Counting down the most prestigious programs since 1984-85
By Harold Shelton, Nick Loucks and Chris Fallica
ESPN Research
Updated: July 21, 2008
What is prestige? What does a college basketball program have to do to prove its prestige? What program is the most prestigious? And who's to judge?
This summer, we decided to tackle the hundreds of Division I men's college basketball teams, weighing the thousands of regular-season and postseason wins and losses, the NBA draft picks, the All-Americans and the national titles to come up with a numerical point system to provide unbiased rankings of every college hoops program's success since the start of the 1984-85 season. Normally when you see these rankings, they are the "expert" opinion of one or more people whose knowledge (and sanity) usually is questioned by those who disagree.
But with ESPN's Prestige Rankings, there is no such argument. We let the numbers do the talking. We assigned point values for certain successes (win a national title, earn 25 points) and failures (get your program banned from the NCAA tournament, lose three points), put all the seasons through our big calculator and came up with the No. 1 program (and the No. 300 program) of the past 24 seasons.
Why cut it off at the 1984-85 season?
The 1985 postseason was the first NCAA tournament that was expanded to the 64-team format (precursor to the current 65-team format), in which a champion must play at least six games to win a national title. That span -- 24 seasons -- is a large enough sample size to get a true barometer of a program's recent history.
This is also an era of the game in which parity has ruled. UCLA will not top the rankings thanks to its domination in the '60s and '70s. NC State, San Francisco, Wyoming and CCNY aren't cracking the Top 50 because their national titles came before 1985. Minnesota won't get credit for having two top-two NBA draft picks in the '70s.
It was a different world for college basketball back then, and those accomplishments, as remarkable as they are, aren't a factor here.
Explanation of the scoring system
We wanted to account for a program's positive accomplishments. National titles and deep advances in the NCAA tournament are the big point-getters.
Having the best record in your conference's regular season is a fairly big deal, as well. We didn't just give out points here for conference titles. (Considering how many conferences are split into divisions and award shares of the title for, say, a 12-6 team from the West Division when a 14-4 team is in the East Division. In this scoring system, the 14-4 team would be the only one to earn five points.)

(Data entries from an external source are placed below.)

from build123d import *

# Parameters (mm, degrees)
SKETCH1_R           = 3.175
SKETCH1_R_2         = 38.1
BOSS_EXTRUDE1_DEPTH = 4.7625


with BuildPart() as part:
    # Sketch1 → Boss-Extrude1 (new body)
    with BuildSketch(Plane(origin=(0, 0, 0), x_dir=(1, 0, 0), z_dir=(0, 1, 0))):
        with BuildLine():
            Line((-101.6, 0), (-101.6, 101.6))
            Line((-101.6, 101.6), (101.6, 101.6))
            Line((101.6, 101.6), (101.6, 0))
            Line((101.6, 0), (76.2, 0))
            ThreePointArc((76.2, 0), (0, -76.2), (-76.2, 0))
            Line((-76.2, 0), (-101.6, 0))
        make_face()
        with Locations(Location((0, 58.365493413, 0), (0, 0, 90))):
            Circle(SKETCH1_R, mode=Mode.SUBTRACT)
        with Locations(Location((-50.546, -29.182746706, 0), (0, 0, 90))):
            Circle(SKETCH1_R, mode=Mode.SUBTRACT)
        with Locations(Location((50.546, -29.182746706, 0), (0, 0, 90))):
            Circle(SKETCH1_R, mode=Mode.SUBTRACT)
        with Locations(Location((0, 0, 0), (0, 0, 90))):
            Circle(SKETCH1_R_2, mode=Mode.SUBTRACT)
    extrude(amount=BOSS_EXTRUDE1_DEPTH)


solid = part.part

We also doled out four points for conference tournament titles. These were given fewer points than a regular-season title because a three- or four-day stretch of domination in your conference shouldn't be rewarded as much as a season-long one. For conferences that didn't hold conference tourneys (notably the Pac-10 and Big Ten for years and the Ivy currently), we simply awarded the points to the team that was given the conference's automatic bid to that year's NCAA tournament.
What about Cinderellas? We all remember 15th-seeded Richmond over Syracuse and 15th-seeded Hampton over Iowa State, and first-round upset wins by 12- through 16-seeds are rewarded accordingly.
We also had to factor in negatives. When your highly seeded team falls flat on its face in the first round against a no-name school, your program loses two points. When your team is caught breaking the rules and the NCAA bans it from the postseason, that is an embarrassment for the fan base. Same thing goes for losing seasons. Both cost your program three points in our rankings.
• National title … 25
• Title game loss … 20
• National semifinal loss … 15
• Elite Eight loss … 10
• Best record in conference's regular season … 5
• 30-plus wins in a season … 5
• Sweet 16 loss … 5
• Conference tournament title … 3
• AP first-team All-American … 3
• Losing in NCAA second round … 3
• Player in top 10 of NBA draft … 2
• NCAA first-round win as a 12-16-seed … 2
• NIT title … 2
• AP second-team All-American … 2
• 20-29 wins in a season … 1
• NCAA tournament berth … 1
• Postseason NIT berth … 1
• AP third-team All-American … 1
• NCAA first-round loss vs. 12-16-seed … -2
• Losing season … -3
• Ban from NCAA tournament … -3
>> Minimum 15 seasons in Division I
** Ties are broken by overall winning percentage since the 1984-85 season
^^ Teams are listed by their current conferences
Using the 15-season minimum, 41 current D-I schools won't qualify, giving us exactly 300 schools.